**TASK DETAILS:**
Take each line of the entries below that contains "startFill" and copy it.

**INFORMATION:**
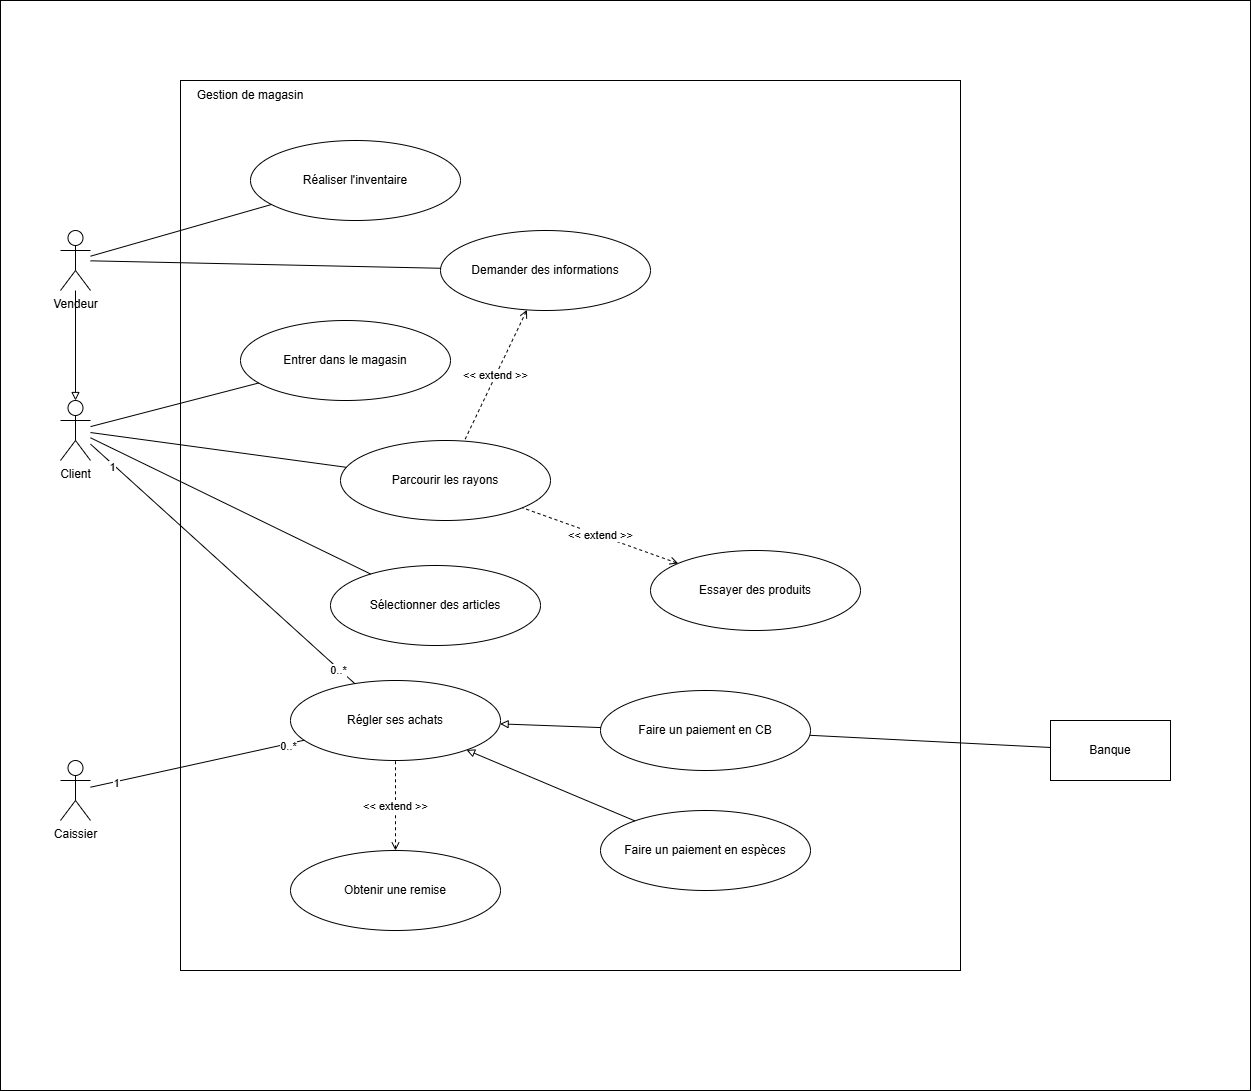

The diagram above was exported from draw.io. Its source (the exported page's mxGraphModel, read from the mxfile embedded in the PNG):
<mxGraphModel dx="2327" dy="796" grid="1" gridSize="10" guides="1" tooltips="1" connect="1" arrows="1" fold="1" page="1" pageScale="1" pageWidth="827" pageHeight="1169" math="0" shadow="0">
  <root>
    <mxCell id="0" />
    <mxCell id="1" parent="0" />
    <mxCell id="6o4-x3J55J-_b5PNrkUz-91" value="" style="rounded=0;whiteSpace=wrap;html=1;" vertex="1" parent="1">
      <mxGeometry x="-270" y="20" width="1250" height="1090" as="geometry" />
    </mxCell>
    <mxCell id="6o4-x3J55J-_b5PNrkUz-71" value="" style="rounded=0;whiteSpace=wrap;html=1;" vertex="1" parent="1">
      <mxGeometry x="-90" y="100" width="780" height="890" as="geometry" />
    </mxCell>
    <mxCell id="6o4-x3J55J-_b5PNrkUz-52" value="Entrer dans le magasin" style="ellipse;whiteSpace=wrap;html=1;" vertex="1" parent="1">
      <mxGeometry x="-30" y="340" width="210" height="80" as="geometry" />
    </mxCell>
    <mxCell id="6o4-x3J55J-_b5PNrkUz-53" value="Parcourir les rayons" style="ellipse;whiteSpace=wrap;html=1;" vertex="1" parent="1">
      <mxGeometry x="70" y="460" width="210" height="80" as="geometry" />
    </mxCell>
    <mxCell id="6o4-x3J55J-_b5PNrkUz-54" value="Demander des informations" style="ellipse;whiteSpace=wrap;html=1;" vertex="1" parent="1">
      <mxGeometry x="170" y="250" width="210" height="80" as="geometry" />
    </mxCell>
    <mxCell id="6o4-x3J55J-_b5PNrkUz-55" value="Essayer des produits" style="ellipse;whiteSpace=wrap;html=1;" vertex="1" parent="1">
      <mxGeometry x="380" y="570" width="210" height="80" as="geometry" />
    </mxCell>
    <mxCell id="6o4-x3J55J-_b5PNrkUz-56" value="Sélectionner des articles" style="ellipse;whiteSpace=wrap;html=1;" vertex="1" parent="1">
      <mxGeometry x="60" y="585" width="210" height="80" as="geometry" />
    </mxCell>
    <mxCell id="6o4-x3J55J-_b5PNrkUz-57" value="Régler ses achats" style="ellipse;whiteSpace=wrap;html=1;" vertex="1" parent="1">
      <mxGeometry x="20" y="700" width="210" height="80" as="geometry" />
    </mxCell>
    <mxCell id="6o4-x3J55J-_b5PNrkUz-58" value="Faire un paiement en CB" style="ellipse;whiteSpace=wrap;html=1;" vertex="1" parent="1">
      <mxGeometry x="330" y="710" width="210" height="80" as="geometry" />
    </mxCell>
    <mxCell id="6o4-x3J55J-_b5PNrkUz-59" value="Faire un paiement en espèces" style="ellipse;whiteSpace=wrap;html=1;" vertex="1" parent="1">
      <mxGeometry x="330" y="830" width="210" height="80" as="geometry" />
    </mxCell>
    <mxCell id="6o4-x3J55J-_b5PNrkUz-60" value="Obtenir une remise" style="ellipse;whiteSpace=wrap;html=1;" vertex="1" parent="1">
      <mxGeometry x="20" y="870" width="210" height="80" as="geometry" />
    </mxCell>
    <mxCell id="6o4-x3J55J-_b5PNrkUz-61" value="Client" style="shape=umlActor;verticalLabelPosition=bottom;verticalAlign=top;html=1;outlineConnect=0;" vertex="1" parent="1">
      <mxGeometry x="-210" y="420" width="30" height="60" as="geometry" />
    </mxCell>
    <mxCell id="6o4-x3J55J-_b5PNrkUz-62" value="" style="endArrow=none;html=1;rounded=0;" edge="1" parent="1" source="6o4-x3J55J-_b5PNrkUz-61" target="6o4-x3J55J-_b5PNrkUz-52">
      <mxGeometry width="50" height="50" relative="1" as="geometry">
        <mxPoint x="200" y="520" as="sourcePoint" />
        <mxPoint x="250" y="470" as="targetPoint" />
      </mxGeometry>
    </mxCell>
    <mxCell id="6o4-x3J55J-_b5PNrkUz-63" value="" style="endArrow=none;html=1;rounded=0;" edge="1" parent="1" source="6o4-x3J55J-_b5PNrkUz-53" target="6o4-x3J55J-_b5PNrkUz-61">
      <mxGeometry width="50" height="50" relative="1" as="geometry">
        <mxPoint x="-20" y="558" as="sourcePoint" />
        <mxPoint x="138" y="436" as="targetPoint" />
      </mxGeometry>
    </mxCell>
    <mxCell id="6o4-x3J55J-_b5PNrkUz-64" value="&amp;lt;&amp;lt; extend &amp;gt;&amp;gt;" style="endArrow=none;html=1;rounded=0;startArrow=open;startFill=0;dashed=1;" edge="1" parent="1" source="6o4-x3J55J-_b5PNrkUz-55" target="6o4-x3J55J-_b5PNrkUz-53">
      <mxGeometry width="50" height="50" relative="1" as="geometry">
        <mxPoint x="157" y="522" as="sourcePoint" />
        <mxPoint x="-20" y="566" as="targetPoint" />
      </mxGeometry>
    </mxCell>
    <mxCell id="6o4-x3J55J-_b5PNrkUz-65" value="" style="endArrow=none;html=1;rounded=0;" edge="1" parent="1" source="6o4-x3J55J-_b5PNrkUz-56" target="6o4-x3J55J-_b5PNrkUz-61">
      <mxGeometry width="50" height="50" relative="1" as="geometry">
        <mxPoint x="131" y="602" as="sourcePoint" />
        <mxPoint x="-35" y="570" as="targetPoint" />
      </mxGeometry>
    </mxCell>
    <mxCell id="6o4-x3J55J-_b5PNrkUz-66" value="" style="endArrow=none;html=1;rounded=0;" edge="1" parent="1" source="6o4-x3J55J-_b5PNrkUz-57" target="6o4-x3J55J-_b5PNrkUz-61">
      <mxGeometry width="50" height="50" relative="1" as="geometry">
        <mxPoint x="148" y="677" as="sourcePoint" />
        <mxPoint x="-20" y="579" as="targetPoint" />
      </mxGeometry>
    </mxCell>
    <mxCell id="6o4-x3J55J-_b5PNrkUz-87" value="0..*" style="edgeLabel;html=1;align=center;verticalAlign=middle;resizable=0;points=[];" vertex="1" connectable="0" parent="6o4-x3J55J-_b5PNrkUz-66">
      <mxGeometry x="-0.8805" y="1" relative="1" as="geometry">
        <mxPoint as="offset" />
      </mxGeometry>
    </mxCell>
    <mxCell id="6o4-x3J55J-_b5PNrkUz-88" value="1" style="edgeLabel;html=1;align=center;verticalAlign=middle;resizable=0;points=[];" vertex="1" connectable="0" parent="6o4-x3J55J-_b5PNrkUz-66">
      <mxGeometry x="0.8301" y="2" relative="1" as="geometry">
        <mxPoint as="offset" />
      </mxGeometry>
    </mxCell>
    <mxCell id="6o4-x3J55J-_b5PNrkUz-67" value="&amp;lt;&amp;lt; extend &amp;gt;&amp;gt;" style="endArrow=none;html=1;rounded=0;startArrow=open;startFill=0;dashed=1;" edge="1" parent="1" source="6o4-x3J55J-_b5PNrkUz-54" target="6o4-x3J55J-_b5PNrkUz-53">
      <mxGeometry width="50" height="50" relative="1" as="geometry">
        <mxPoint x="418" y="593" as="sourcePoint" />
        <mxPoint x="262" y="537" as="targetPoint" />
      </mxGeometry>
    </mxCell>
    <mxCell id="6o4-x3J55J-_b5PNrkUz-68" value="&amp;lt;&amp;lt; extend &amp;gt;&amp;gt;" style="endArrow=none;html=1;rounded=0;startArrow=open;startFill=0;dashed=1;" edge="1" parent="1" source="6o4-x3J55J-_b5PNrkUz-60" target="6o4-x3J55J-_b5PNrkUz-57">
      <mxGeometry width="50" height="50" relative="1" as="geometry">
        <mxPoint x="418" y="593" as="sourcePoint" />
        <mxPoint x="262" y="537" as="targetPoint" />
      </mxGeometry>
    </mxCell>
    <mxCell id="6o4-x3J55J-_b5PNrkUz-69" value="" style="endArrow=block;html=1;rounded=0;endFill=0;" edge="1" parent="1" source="6o4-x3J55J-_b5PNrkUz-58" target="6o4-x3J55J-_b5PNrkUz-57">
      <mxGeometry width="50" height="50" relative="1" as="geometry">
        <mxPoint x="170" y="790" as="sourcePoint" />
        <mxPoint x="220" y="740" as="targetPoint" />
      </mxGeometry>
    </mxCell>
    <mxCell id="6o4-x3J55J-_b5PNrkUz-70" value="" style="endArrow=block;html=1;rounded=0;endFill=0;" edge="1" parent="1" source="6o4-x3J55J-_b5PNrkUz-59" target="6o4-x3J55J-_b5PNrkUz-57">
      <mxGeometry width="50" height="50" relative="1" as="geometry">
        <mxPoint x="330" y="757" as="sourcePoint" />
        <mxPoint x="240" y="753" as="targetPoint" />
      </mxGeometry>
    </mxCell>
    <mxCell id="6o4-x3J55J-_b5PNrkUz-73" value="Gestion de magasin" style="text;html=1;align=center;verticalAlign=middle;whiteSpace=wrap;rounded=0;" vertex="1" parent="1">
      <mxGeometry x="-100" y="100" width="160" height="30" as="geometry" />
    </mxCell>
    <mxCell id="6o4-x3J55J-_b5PNrkUz-74" value="Vendeur" style="shape=umlActor;verticalLabelPosition=bottom;verticalAlign=top;html=1;outlineConnect=0;" vertex="1" parent="1">
      <mxGeometry x="-210" y="250" width="30" height="60" as="geometry" />
    </mxCell>
    <mxCell id="6o4-x3J55J-_b5PNrkUz-78" value="" style="endArrow=none;html=1;rounded=0;" edge="1" parent="1" source="6o4-x3J55J-_b5PNrkUz-74" target="6o4-x3J55J-_b5PNrkUz-54">
      <mxGeometry width="50" height="50" relative="1" as="geometry">
        <mxPoint x="-170" y="456" as="sourcePoint" />
        <mxPoint x="-2" y="412" as="targetPoint" />
      </mxGeometry>
    </mxCell>
    <mxCell id="6o4-x3J55J-_b5PNrkUz-80" value="" style="endArrow=block;html=1;rounded=0;endFill=0;" edge="1" parent="1" source="6o4-x3J55J-_b5PNrkUz-74" target="6o4-x3J55J-_b5PNrkUz-61">
      <mxGeometry width="50" height="50" relative="1" as="geometry">
        <mxPoint x="160" y="490" as="sourcePoint" />
        <mxPoint x="210" y="440" as="targetPoint" />
      </mxGeometry>
    </mxCell>
    <mxCell id="6o4-x3J55J-_b5PNrkUz-81" value="Caissier" style="shape=umlActor;verticalLabelPosition=bottom;verticalAlign=top;html=1;outlineConnect=0;" vertex="1" parent="1">
      <mxGeometry x="-210" y="780" width="30" height="60" as="geometry" />
    </mxCell>
    <mxCell id="6o4-x3J55J-_b5PNrkUz-82" value="" style="endArrow=none;html=1;rounded=0;" edge="1" parent="1" source="6o4-x3J55J-_b5PNrkUz-57" target="6o4-x3J55J-_b5PNrkUz-81">
      <mxGeometry width="50" height="50" relative="1" as="geometry">
        <mxPoint x="94" y="713" as="sourcePoint" />
        <mxPoint x="-170" y="474" as="targetPoint" />
      </mxGeometry>
    </mxCell>
    <mxCell id="6o4-x3J55J-_b5PNrkUz-89" value="0..*" style="edgeLabel;html=1;align=center;verticalAlign=middle;resizable=0;points=[];" vertex="1" connectable="0" parent="6o4-x3J55J-_b5PNrkUz-82">
      <mxGeometry x="-0.8476" y="2" relative="1" as="geometry">
        <mxPoint as="offset" />
      </mxGeometry>
    </mxCell>
    <mxCell id="6o4-x3J55J-_b5PNrkUz-90" value="1" style="edgeLabel;html=1;align=center;verticalAlign=middle;resizable=0;points=[];" vertex="1" connectable="0" parent="6o4-x3J55J-_b5PNrkUz-82">
      <mxGeometry x="0.763" y="1" relative="1" as="geometry">
        <mxPoint as="offset" />
      </mxGeometry>
    </mxCell>
    <mxCell id="6o4-x3J55J-_b5PNrkUz-83" value="Banque" style="rounded=0;whiteSpace=wrap;html=1;" vertex="1" parent="1">
      <mxGeometry x="780" y="740" width="120" height="60" as="geometry" />
    </mxCell>
    <mxCell id="6o4-x3J55J-_b5PNrkUz-84" value="" style="endArrow=none;html=1;rounded=0;" edge="1" parent="1" source="6o4-x3J55J-_b5PNrkUz-83" target="6o4-x3J55J-_b5PNrkUz-58">
      <mxGeometry width="50" height="50" relative="1" as="geometry">
        <mxPoint x="94" y="713" as="sourcePoint" />
        <mxPoint x="-170" y="474" as="targetPoint" />
      </mxGeometry>
    </mxCell>
    <mxCell id="6o4-x3J55J-_b5PNrkUz-85" value="Réaliser l'inventaire" style="ellipse;whiteSpace=wrap;html=1;" vertex="1" parent="1">
      <mxGeometry x="-20" y="160" width="210" height="80" as="geometry" />
    </mxCell>
    <mxCell id="6o4-x3J55J-_b5PNrkUz-86" value="" style="endArrow=none;html=1;rounded=0;" edge="1" parent="1" source="6o4-x3J55J-_b5PNrkUz-74" target="6o4-x3J55J-_b5PNrkUz-85">
      <mxGeometry width="50" height="50" relative="1" as="geometry">
        <mxPoint x="-170" y="290" as="sourcePoint" />
        <mxPoint x="180" y="298" as="targetPoint" />
      </mxGeometry>
    </mxCell>
  </root>
</mxGraphModel>

**TASK RESPONSE:**
    <mxCell id="6o4-x3J55J-_b5PNrkUz-64" value="&amp;lt;&amp;lt; extend &amp;gt;&amp;gt;" style="endArrow=none;html=1;rounded=0;startArrow=open;startFill=0;dashed=1;" edge="1" parent="1" source="6o4-x3J55J-_b5PNrkUz-55" target="6o4-x3J55J-_b5PNrkUz-53">
    <mxCell id="6o4-x3J55J-_b5PNrkUz-67" value="&amp;lt;&amp;lt; extend &amp;gt;&amp;gt;" style="endArrow=none;html=1;rounded=0;startArrow=open;startFill=0;dashed=1;" edge="1" parent="1" source="6o4-x3J55J-_b5PNrkUz-54" target="6o4-x3J55J-_b5PNrkUz-53">
    <mxCell id="6o4-x3J55J-_b5PNrkUz-68" value="&amp;lt;&amp;lt; extend &amp;gt;&amp;gt;" style="endArrow=none;html=1;rounded=0;startArrow=open;startFill=0;dashed=1;" edge="1" parent="1" source="6o4-x3J55J-_b5PNrkUz-60" target="6o4-x3J55J-_b5PNrkUz-57">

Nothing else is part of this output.